Thanks again....Kevin


----------



## Lefty (Nov 21, 2007)

Kevin, I already visited with you on the Amaya Users Group as JO


----------



## specialta (Feb 21, 2007)

hahahha...well you can`t blame me for trying to get all the opinions that I can before I lay down the $$$$.....I had actually wrote down your phone number as was gonna give you a call this evening to see what your opinion was on the different machines.....guess I already had it and didn`t even realize it...hhahahaha
Thanks alot...I really appreciate it...Kevin Graham


----------



## SunEmbroidery (Oct 18, 2007)

I have had a Tajima Neo for 5 years. It had one tech repair in its fourth year but other then that it has been very reliable. It's is great with caps. Tajima & I think Braudan are know for being the best with caps. 

n this situation I would want to purchase from a company that can supply good tech support through email if using a toll free number isn't an option.

Good & more difficult cap styles vary. My least favorite are those with buckram that don't fit the frame. Most unconstructed styles can be dealt with by hooping tightly & securing with binder clips.


----------



## TSW2005 (Jul 28, 2006)

We purchased a couple of amayas a few years back. 1 tech call in 3 years. Very reliable. I think a couple of the main features we like about them is you can sew 2 different jobs on each machine. If a thread breaks, both heads dont stop. We recently upgraded with some new heads to add on to.

I dont think you will hear to many people talk bad about the amaya.


----------



## specialta (Feb 21, 2007)

To be perfectly honest with you, I am getting about 50/50 on the Amaya Users web-site on their opinion of the machine....I asked for an honest opinion on what they thought of the machine doing hats...so based on that I think I will go ahead with the SWF , I think the Amaya machine is a terrific piece of machinery, but I don`t think it is the "workhorse" that the SWf has been for me over the years.
Thanks alot for your reply...Kevin Graham


----------



## binki (Jul 16, 2006)

Any of the major brands should work.

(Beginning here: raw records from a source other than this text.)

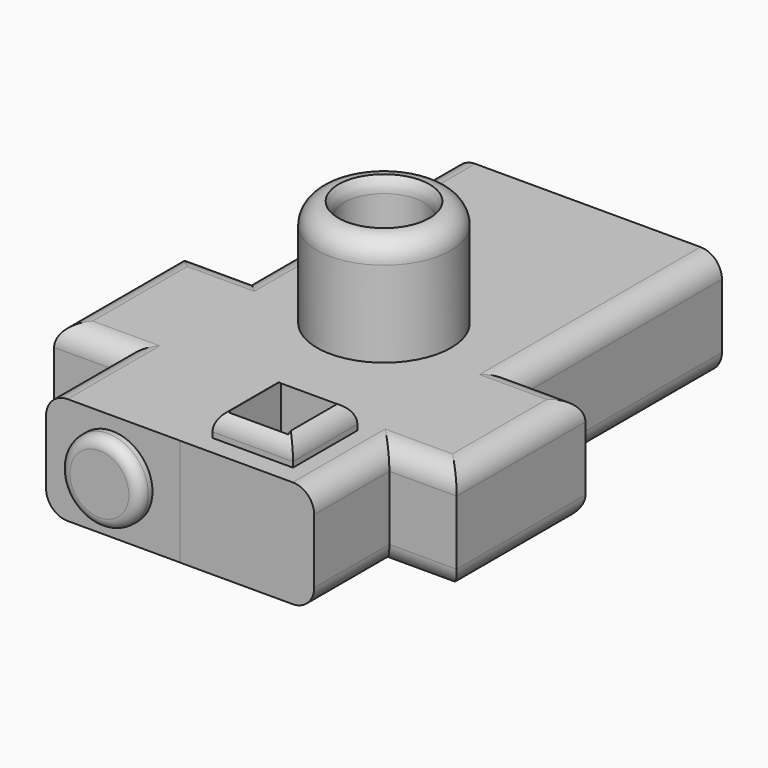
from build123d import *

# Parameters (mm, degrees)
F0_W        = 19.05
F0_H        = 19.05
F0_R        = 15.875
F1_DEPTH    = 25.4
F0_R_2      = 9.525
F2_DEPTH    = 50.8
F0_W_2      = 13.97
F0_H_2      = 15.24
F3_DEPTH    = 31.75
F4_R        = 9.525
F5_DEPTH    = 3.81
F6_R        = 2.54
F7_R        = 5.08
F9_T1_DEPTH = 44.45
F9_T3_DEPTH = 44.45
F10_R       = 5.08
F11_SIZE    = 5.08
F12_SIZE    = 5.08


# Not quite as in the source:
# - a fillet or chamfer that OpenCascade refuses, or shapes differently, is made with other operations: its cross-section is extruded or revolved along the edge and cut away or added


with BuildPart() as f1:
    # F0 (on Top) → F1 (new body)
    with BuildSketch(Plane.XY):
        Polygon((31.75, 60.325), (0, 60.325), (-31.75, 60.325), (-31.75, 0), (-47.625, 0), (-47.625, -38.1), (-31.75, -38.1), (-31.75, -60.325), (0, -60.325), (0, -60.3444650769), (31.75, -60.3444650769), (31.75, -38.1), (47.7005839348, -38.1), (47.7005839348, 0), (47.625, 0), (31.75, 0), align=None)
        with Locations((13.5087583899, -46.2022918522)):
            Rectangle(F0_W, F0_H, mode=Mode.SUBTRACT)
        Circle(F0_R, mode=Mode.SUBTRACT)
    extrude(amount=F1_DEPTH)

    # F0 (on Top) → F2 (join)
    with BuildSketch(Plane.XY):
        Circle(F0_R)
        Circle(F0_R_2, mode=Mode.SUBTRACT)
    extrude(amount=F2_DEPTH)

    # F0 (on Top) → F3 (join)
    with BuildSketch(Plane.XY):
        with Locations((13.5087583899, -46.2022918522)):
            Rectangle(F0_W, F0_H)
        with Locations((13.3824522054, -46.1642474878)):
            Rectangle(F0_W_2, F0_H_2, mode=Mode.SUBTRACT)
    extrude(amount=F3_DEPTH)

    # F4 (on face) → F5 (join)
    with BuildSketch(Plane.XZ.offset(60.325)):
        with Locations((-16.0763879821, 12.6689534055)):
            Circle(F4_R)
    extrude(amount=F5_DEPTH)

    # F6
    f6_edges = [f1.edges().sort_by_distance(p)[0] for p in [
        (-25.601388, -64.135, 12.668953),
    ]]
    fillet(f6_edges, radius=F6_R)

    # F7
    f7_edges = [f1.edges().sort_by_distance(p)[0] for p in [
        (-15.875, 0, 50.8),
    ]]
    fillet(f7_edges, radius=F7_R)

    # F8: fillet of radius 5.08 on 1 edges, made by hand

    # F8_s1 → F8_t2 (revolve, cut)
    with BuildSketch(Plane.XZ):
        with BuildLine():
            ThreePointArc((10.795, 50.8), (9.8530951188, 49.2359470592), (9.525, 47.4398958349))
            Line((9.525, 47.4398958349), (9.525, 50.8))
            Line((9.525, 50.8), (10.795, 50.8))
        make_face()
    revolve(axis=Axis((0, 0, 50.8), (0, 0, 1)), mode=Mode.SUBTRACT)

    # F9: fillet of radius 5.08 on 4 edges, made by hand

    # F9_s2 → F9_t1 (cut)
    with BuildSketch(Plane.XZ.offset(23.9772918522)):
        with BuildLine():
            ThreePointArc((3.9837583899, 26.67), (5.4716559415, 30.2621024484), (9.0637583899, 31.75))
            Line((9.0637583899, 31.75), (3.9837583899, 31.75))
            Line((3.9837583899, 31.75), (3.9837583899, 26.67))
        make_face()
        with BuildLine():
            ThreePointArc((23.0337583899, 26.67), (21.5458608384, 30.2621024484), (17.9537583899, 31.75))
            Line((17.9537583899, 31.75), (23.0337583899, 31.75))
            Line((23.0337583899, 31.75), (23.0337583899, 26.67))
        make_face()
    extrude(amount=F9_T1_DEPTH, mode=Mode.SUBTRACT)

    # F9_s4 → F9_t3 (cut)
    with BuildSketch(Plane.YZ.offset(-8.7162416101)):
        with BuildLine():
            ThreePointArc((-36.6772918522, 26.67), (-38.1651894038, 30.2621024484), (-41.7572918522, 31.75))
            Line((-41.7572918522, 31.75), (-36.6772918522, 31.75))
            Line((-36.6772918522, 31.75), (-36.6772918522, 26.67))
        make_face()
        with BuildLine():
            ThreePointArc((-55.7272918522, 26.67), (-54.2393943007, 30.2621024484), (-50.6472918522, 31.75))
            Line((-50.6472918522, 31.75), (-55.7272918522, 31.75))
            Line((-55.7272918522, 31.75), (-55.7272918522, 26.67))
        make_face()
    extrude(amount=F9_T3_DEPTH, mode=Mode.SUBTRACT)

    # F10
    f10_edges = [f1.edges().sort_by_distance(p)[0] for p in [
        (39.725292, -38.1, 25.4),
        (31.75, -49.222233, 25.4),
        (-31.75, -49.2125, 25.4),
        (-39.6875, -38.1, 25.4),
        (-31.75, 30.1625, 25.4),
        (-39.6875, 0, 25.4),
        (39.725292, 0, 25.4),
        (31.75, 30.1625, 25.4),
        (-31.75, -49.2125, 0),
        (-31.75, 30.1625, 0),
        (-39.6875, 0, 0),
        (-39.6875, -38.1, 0),
        (-47.625, -19.05, 0),
        (31.75, 30.1625, 0),
        (31.75, -49.222233, 0),
        (39.725292, -38.1, 0),
        (47.700584, -19.05, 0),
        (39.725292, 0, 0),
        (47.700584, -19.05, 25.4),
        (-47.625, -19.05, 25.4),
    ]]
    fillet(f10_edges, radius=F10_R)

    # F11
    f11_edges = [f1.edges().sort_by_distance(p)[0] for p in [
        (13.382452, -38.544247, 0),
        (20.367452, -46.164247, 0),
        (13.382452, -53.784247, 0),
        (6.397452, -46.164247, 0),
    ]]
    chamfer(f11_edges, length=F11_SIZE)

    # F12
    f12_edges = [f1.edges().sort_by_distance(p)[0] for p in [
        (-9.525, 0, 0),
    ]]
    chamfer(f12_edges, length=F12_SIZE)


solid = f1.part

The one thing that someone getting into this biz needs to learn is machine repair and maintenance. Our requirement was that the vendor was close by. Aside from that, I have done some repair on our machine after a few errors on my part that caused a break down. 

Also, keep spare parts for all the major consumables such as hooks, bobbin casings, presser feet, etc. 

We use SWF and I think that going with SWF, Tajima, Toyota, or Melco are all fine. We just saw the 1500spm SWF yesterday at Mesa and holy cow does it do nice work. The thing screams at 1500spm! The finished work is outstanding also. Perfect sewouts on a variety of designs.


----------



## specialta (Feb 21, 2007)

Just signed and faxed back a quote for a new SWF Dual head machine yesterday evening, I am expecting delivery next week. Service was also an issue for me as well, since we already own a standard 15 needle SWF machine, our tech is just about 2 hours away in Ohio.
Thanks..Kevin


----------



## TSW2005 (Jul 28, 2006)

I dont have any experience with the SWF, i hope it works well for you. And i by no means work for amaya, but one of the other facts we chose the Melco's were the portability. We are going to take them on the road in our new concession trailer. The weigh less than 200 lbs. and wheel very easily. I can also pull them out and into the shop is a decent size job comes in.


----------



## specialta (Feb 21, 2007)

Oh yea thats a good option if your into that kind of thing, for us we just want to keep out machines at home and keep them humming.We worked a couple of shows....got lots of promises but no orders.


----------



## TSW2005 (Jul 28, 2006)

its a great option for us. We specialize in sports leagues, not fairs and such.
ITs a great 1 day money event. We average about $3-4 grand a day.
And thats for a league with about 200 kids.
Now we are planning on doing names , etc right on the spot.
And some orders we will take right back to the shop.
I plan on setting 1 head up for flats and 1 for caps.


----------



## specialta (Feb 21, 2007)

WOW, that makes me want to give one of those a try...hahaha...do you bring stock designs for them to choose from, and stock text for them to choose from..?


----------



## TSW2005 (Jul 28, 2006)

Thats the good thing about doing leagues. You have a target market. the league logo, and name on sleeve.
We are going to offer emb sweats (hood and crew) and a heat pressed tee. We are also going to carry some "stock transefers" geared toward the sport we are at. (basball transfer for baseball etc,). Ones like baseball MOM or basball dad, that sort of thing.
If you can keep the embroidery machine going it generates interest. And i have heard that people will pay a little more if its done on the spot. Not to mention you dont have to tie up your shop for a day completing all the orders you get. ITs done on the spot.
We do alot of sporting events but the trailer will be new. 
Mostly go there with merch already done and sell and take customized orders. And with that we do really well.
Now theres really no risk because 90% is done on the spot..
We chose a carmate becasue they offer the best warrenty. lifetime roof and floor. And it seemed their trailers were built the best.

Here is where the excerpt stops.